Hello everyone!
I'm trying to understand what I am doing wrong and how to do it correct :P
I've downloaded from here the human annotation (gene and gene prediction), that looks like this after selecting desirable columns (file ref)
head ref
chr1 11873 14408 HGNC:37102 DDX11L1 ENSG00000223972
chr1 14361 29369 HGNC:38034 WASH7P ENSG00000227232
chr1 17368 17435 HGNC:50039 MIR6859-1 ENSG00000278267
chr1 29773 35417 HGNC:52482 MIR1302-2HG ENSG00000243485
I do have an additional bed (file problem) that looks like this:
chr1 2561658 2561779 - 1
chr1 2562271 2562325 - 1
chr1 2562542 2562646 - 1
chr1 2563148 2566097 - 1
chr1 2566113 2566344 - 1
chr1 2569378 2569767 - 1
My aim is to annotate file problem with the genes in file ref
I've tried this approach:
bedtools intersect -a ref -b problem -wb > results
But the output is not the desirable:
chr1 2561658 2561779 HGNC:11912 TNFRSF14 ENSG00000157873
chr1 2562271 2562325 HGNC:11912 TNFRSF14 ENSG00000157873
chr1 2562542 2562646 HGNC:11912 TNFRSF14 ENSG00000157873
chr1 2563148 2563828 HGNC:11912 TNFRSF14 ENSG00000157873
chr1 2689146 2689496 HGNC:34297 TTC34 ENSG00000215912
chr1 2747459 2747510 HGNC:34297 TTC34 ENSG00000215912
If you look into the coordinates, they are not the 'original coordinates' in file problem.

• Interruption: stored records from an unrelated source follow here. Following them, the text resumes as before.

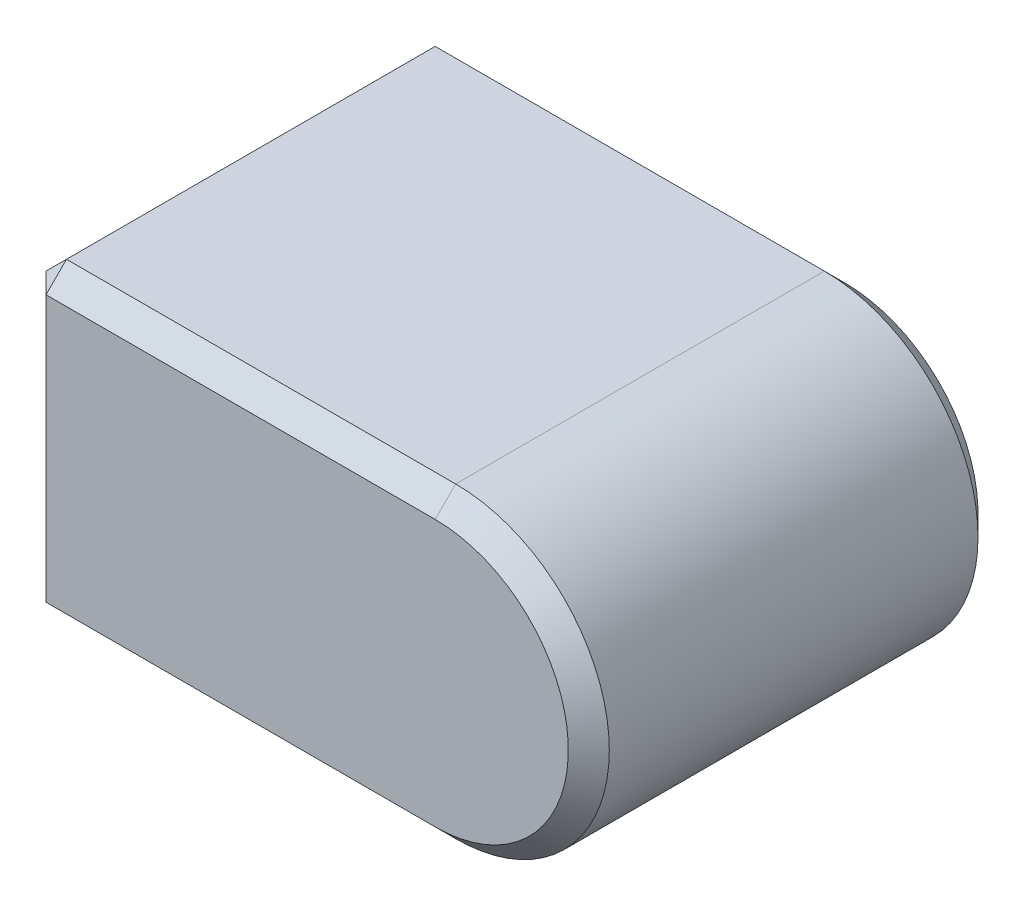
ISO-10303-21;
HEADER;
FILE_DESCRIPTION(('STEP AP214'),'2;1');
FILE_NAME('part.step','',(''),(''),'','','');
FILE_SCHEMA(('AUTOMOTIVE_DESIGN { 1 0 10303 214 1 1 1 1 }'));
ENDSEC;
DATA;
#1=APPLICATION_CONTEXT('core data for automotive mechanical design processes');
#2=APPLICATION_PROTOCOL_DEFINITION('international standard','automotive_design',2000,#1);
#3=PRODUCT_CONTEXT('',#1,'mechanical');
#4=PRODUCT('Part','Part','',(#3));
#5=PRODUCT_RELATED_PRODUCT_CATEGORY('part','',(#4));
#6=PRODUCT_DEFINITION_FORMATION('','',#4);
#7=PRODUCT_DEFINITION_CONTEXT('part definition',#1,'design');
#8=PRODUCT_DEFINITION('design','',#6,#7);
#9=PRODUCT_DEFINITION_SHAPE('','',#8);
#10=(LENGTH_UNIT() NAMED_UNIT(*) SI_UNIT(.MILLI.,.METRE.));
#11=(NAMED_UNIT(*) PLANE_ANGLE_UNIT() SI_UNIT($,.RADIAN.));
#12=(NAMED_UNIT(*) SI_UNIT($,.STERADIAN.) SOLID_ANGLE_UNIT());
#13=UNCERTAINTY_MEASURE_WITH_UNIT(LENGTH_MEASURE(1.E-05),#10,'distance_accuracy_value','');
#14=(GEOMETRIC_REPRESENTATION_CONTEXT(3) GLOBAL_UNCERTAINTY_ASSIGNED_CONTEXT((#13)) GLOBAL_UNIT_ASSIGNED_CONTEXT((#10,
#11,#12)) REPRESENTATION_CONTEXT('',''));
#15=CARTESIAN_POINT('',(0.,0.,0.));
#16=DIRECTION('',(0.,0.,1.));
#17=DIRECTION('',(1.,0.,0.));
#18=AXIS2_PLACEMENT_3D('',#15,#16,#17);
#19=CARTESIAN_POINT('',(2.,0.,4.));
#20=DIRECTION('',(0.,0.,-1.));
#21=DIRECTION('',(-1.,0.,0.));
#22=AXIS2_PLACEMENT_3D('',#19,#20,#21);
#23=CYLINDRICAL_SURFACE('',#22,1.5);
#24=DIRECTION('',(0.,0.,-1.));
#25=VECTOR('',#24,1.);
#26=CARTESIAN_POINT('',(2.,-1.5,4.));
#27=LINE('',#26,#25);
#28=CARTESIAN_POINT('',(2.,-1.5,3.8));
#29=VERTEX_POINT('',#28);
#30=CARTESIAN_POINT('',(2.,-1.5,0.2));
#31=VERTEX_POINT('',#30);
#32=EDGE_CURVE('E172',#29,#31,#27,.T.);
#33=ORIENTED_EDGE('',*,*,#32,.T.);
#34=CARTESIAN_POINT('',(2.,0.,0.2));
#35=DIRECTION('',(0.,0.,1.));
#36=DIRECTION('',(1.,0.,0.));
#37=AXIS2_PLACEMENT_3D('',#34,#35,#36);
#38=CIRCLE('',#37,1.5);
#39=CARTESIAN_POINT('',(2.,1.5,0.2));
#40=VERTEX_POINT('',#39);
#41=EDGE_CURVE('E211',#31,#40,#38,.T.);
#42=ORIENTED_EDGE('',*,*,#41,.T.);
#43=DIRECTION('',(0.,0.,-1.));
#44=VECTOR('',#43,1.);
#45=CARTESIAN_POINT('',(2.,1.5,4.));
#46=LINE('',#45,#44);
#47=CARTESIAN_POINT('',(2.,1.5,3.8));
#48=VERTEX_POINT('',#47);
#49=EDGE_CURVE('E137',#48,#40,#46,.T.);
#50=ORIENTED_EDGE('',*,*,#49,.F.);
#51=CARTESIAN_POINT('',(2.,0.,3.8));
#52=DIRECTION('',(0.,0.,1.));
#53=DIRECTION('',(1.,0.,0.));
#54=AXIS2_PLACEMENT_3D('',#51,#52,#53);
#55=CIRCLE('',#54,1.5);
#56=EDGE_CURVE('E209',#48,#29,#55,.F.);
#57=ORIENTED_EDGE('',*,*,#56,.T.);
#58=EDGE_LOOP('',(#33,#42,#50,#57));
#59=FACE_BOUND('',#58,.T.);
#60=ADVANCED_FACE('F39',(#59),#23,.T.);
#61=CARTESIAN_POINT('',(-2.,1.5,4.));
#62=DIRECTION('',(0.,-1.,0.));
#63=DIRECTION('',(1.,0.,0.));
#64=AXIS2_PLACEMENT_3D('',#61,#62,#63);
#65=PLANE('',#64);
#66=ORIENTED_EDGE('',*,*,#49,.T.);
#67=DIRECTION('',(-1.,0.,0.));
#68=VECTOR('',#67,1.);
#69=CARTESIAN_POINT('',(-2.,1.5,0.200000000000001));
#70=LINE('',#69,#68);
#71=CARTESIAN_POINT('',(-1.8,1.5,0.200000000000001));
#72=VERTEX_POINT('',#71);
#73=EDGE_CURVE('E191',#40,#72,#70,.T.);
#74=ORIENTED_EDGE('',*,*,#73,.T.);
#75=DIRECTION('',(0.,0.,1.));
#76=VECTOR('',#75,1.);
#77=CARTESIAN_POINT('',(-1.8,1.5,4.));
#78=LINE('',#77,#76);
#79=CARTESIAN_POINT('',(-1.8,1.5,3.8));
#80=VERTEX_POINT('',#79);
#81=EDGE_CURVE('E188',#72,#80,#78,.T.);
#82=ORIENTED_EDGE('',*,*,#81,.T.);
#83=DIRECTION('',(1.,0.,0.));
#84=VECTOR('',#83,1.);
#85=CARTESIAN_POINT('',(2.,1.5,3.8));
#86=LINE('',#85,#84);
#87=EDGE_CURVE('E186',#80,#48,#86,.T.);
#88=ORIENTED_EDGE('',*,*,#87,.T.);
#89=EDGE_LOOP('',(#66,#74,#82,#88));
#90=FACE_BOUND('',#89,.T.);
#91=ADVANCED_FACE('F240',(#90),#65,.F.);
#92=CARTESIAN_POINT('',(-2.,-1.5,4.));
#93=DIRECTION('',(1.,0.,0.));
#94=DIRECTION('',(0.,1.,0.));
#95=AXIS2_PLACEMENT_3D('',#92,#93,#94);
#96=PLANE('',#95);
#97=DIRECTION('',(0.,1.,0.));
#98=VECTOR('',#97,1.);
#99=CARTESIAN_POINT('',(-2.,1.5,3.8));
#100=LINE('',#99,#98);
#101=CARTESIAN_POINT('',(-2.,-1.3,3.8));
#102=VERTEX_POINT('',#101);
#103=CARTESIAN_POINT('',(-2.,1.3,3.8));
#104=VERTEX_POINT('',#103);
#105=EDGE_CURVE('E126',#102,#104,#100,.T.);
#106=ORIENTED_EDGE('',*,*,#105,.T.);
#107=DIRECTION('',(0.,0.,-1.));
#108=VECTOR('',#107,1.);
#109=CARTESIAN_POINT('',(-2.,1.3,4.));
#110=LINE('',#109,#108);
#111=CARTESIAN_POINT('',(-2.,1.3,0.2));
#112=VERTEX_POINT('',#111);
#113=EDGE_CURVE('E122',#104,#112,#110,.T.);
#114=ORIENTED_EDGE('',*,*,#113,.T.);
#115=DIRECTION('',(0.,-1.,0.));
#116=VECTOR('',#115,1.);
#117=CARTESIAN_POINT('',(-2.,-1.5,0.2));
#118=LINE('',#117,#116);
#119=CARTESIAN_POINT('',(-2.,-1.3,0.2));
#120=VERTEX_POINT('',#119);
#121=EDGE_CURVE('E116',#112,#120,#118,.T.);
#122=ORIENTED_EDGE('',*,*,#121,.T.);
#123=DIRECTION('',(0.,0.,1.));
#124=VECTOR('',#123,1.);
#125=CARTESIAN_POINT('',(-2.,-1.3,4.));
#126=LINE('',#125,#124);
#127=EDGE_CURVE('E119',#120,#102,#126,.T.);
#128=ORIENTED_EDGE('',*,*,#127,.T.);
#129=EDGE_LOOP('',(#106,#114,#122,#128));
#130=FACE_BOUND('',#129,.T.);
#131=ADVANCED_FACE('F118',(#130),#96,.F.);
#132=CARTESIAN_POINT('',(-2.,-1.5,4.));
#133=DIRECTION('',(0.,1.,0.));
#134=DIRECTION('',(-1.,0.,0.));
#135=AXIS2_PLACEMENT_3D('',#132,#133,#134);
#136=PLANE('',#135);
#137=DIRECTION('',(0.,0.,-1.));
#138=VECTOR('',#137,1.);
#139=CARTESIAN_POINT('',(-1.8,-1.5,4.));
#140=LINE('',#139,#138);
#141=CARTESIAN_POINT('',(-1.8,-1.5,3.8));
#142=VERTEX_POINT('',#141);
#143=CARTESIAN_POINT('',(-1.8,-1.5,0.2));
#144=VERTEX_POINT('',#143);
#145=EDGE_CURVE('E49',#142,#144,#140,.T.);
#146=ORIENTED_EDGE('',*,*,#145,.T.);
#147=DIRECTION('',(1.,0.,0.));
#148=VECTOR('',#147,1.);
#149=CARTESIAN_POINT('',(-2.,-1.5,0.2));
#150=LINE('',#149,#148);
#151=EDGE_CURVE('E11',#144,#31,#150,.T.);
#152=ORIENTED_EDGE('',*,*,#151,.T.);
#153=ORIENTED_EDGE('',*,*,#32,.F.);
#154=DIRECTION('',(-1.,0.,0.));
#155=VECTOR('',#154,1.);
#156=CARTESIAN_POINT('',(-2.,-1.5,3.8));
#157=LINE('',#156,#155);
#158=EDGE_CURVE('E60',#29,#142,#157,.T.);
#159=ORIENTED_EDGE('',*,*,#158,.T.);
#160=EDGE_LOOP('',(#146,#152,#153,#159));
#161=FACE_BOUND('',#160,.T.);
#162=ADVANCED_FACE('F259',(#161),#136,.F.);
#163=CARTESIAN_POINT('',(2.,0.,4.));
#164=DIRECTION('',(0.,0.,1.));
#165=DIRECTION('',(1.,0.,0.));
#166=AXIS2_PLACEMENT_3D('',#163,#164,#165);
#167=PLANE('',#166);
#168=DIRECTION('',(-1.,0.,0.));
#169=VECTOR('',#168,1.);
#170=CARTESIAN_POINT('',(-2.,1.3,4.));
#171=LINE('',#170,#169);
#172=CARTESIAN_POINT('',(2.,1.3,4.));
#173=VERTEX_POINT('',#172);
#174=CARTESIAN_POINT('',(-1.8,1.3,4.));
#175=VERTEX_POINT('',#174);
#176=EDGE_CURVE('E193',#173,#175,#171,.T.);
#177=ORIENTED_EDGE('',*,*,#176,.T.);
#178=DIRECTION('',(0.,-1.,0.));
#179=VECTOR('',#178,1.);
#180=CARTESIAN_POINT('',(-1.8,-1.5,4.));
#181=LINE('',#180,#179);
#182=CARTESIAN_POINT('',(-1.8,-1.3,4.));
#183=VERTEX_POINT('',#182);
#184=EDGE_CURVE('E199',#175,#183,#181,.T.);
#185=ORIENTED_EDGE('',*,*,#184,.T.);
#186=DIRECTION('',(1.,0.,0.));
#187=VECTOR('',#186,1.);
#188=CARTESIAN_POINT('',(2.,-1.3,4.));
#189=LINE('',#188,#187);
#190=CARTESIAN_POINT('',(2.,-1.3,4.));
#191=VERTEX_POINT('',#190);
#192=EDGE_CURVE('E197',#183,#191,#189,.T.);
#193=ORIENTED_EDGE('',*,*,#192,.T.);
#194=CARTESIAN_POINT('',(2.,0.,4.));
#195=DIRECTION('',(0.,0.,1.));
#196=DIRECTION('',(1.,0.,0.));
#197=AXIS2_PLACEMENT_3D('',#194,#195,#196);
#198=CIRCLE('',#197,1.3);
#199=EDGE_CURVE('E195',#191,#173,#198,.T.);
#200=ORIENTED_EDGE('',*,*,#199,.T.);
#201=EDGE_LOOP('',(#177,#185,#193,#200));
#202=FACE_BOUND('',#201,.T.);
#203=ADVANCED_FACE('F267',(#202),#167,.T.);
#204=CARTESIAN_POINT('',(2.,0.,0.));
#205=DIRECTION('',(0.,0.,1.));
#206=DIRECTION('',(1.,0.,0.));
#207=AXIS2_PLACEMENT_3D('',#204,#205,#206);
#208=PLANE('',#207);
#209=DIRECTION('',(-1.,0.,0.));
#210=VECTOR('',#209,1.);
#211=CARTESIAN_POINT('',(2.,-1.3,0.));
#212=LINE('',#211,#210);
#213=CARTESIAN_POINT('',(2.,-1.3,0.));
#214=VERTEX_POINT('',#213);
#215=CARTESIAN_POINT('',(-1.8,-1.3,0.));
#216=VERTEX_POINT('',#215);
#217=EDGE_CURVE('E202',#214,#216,#212,.T.);
#218=ORIENTED_EDGE('',*,*,#217,.T.);
#219=DIRECTION('',(0.,1.,0.));
#220=VECTOR('',#219,1.);
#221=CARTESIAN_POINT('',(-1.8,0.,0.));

My objective is to keep the original coordinates in file problem and 'add' the gene information if just a small portion overlap.... I'm not sure if this output is possible to get?
Thanks!
The command you pasted here is identical to the command you said has non-desirable output. Did you change your mind, or paste the wrong one?
Yes .. it is because I didn't realised about the last columns in which the problem coordinates (original) are kept.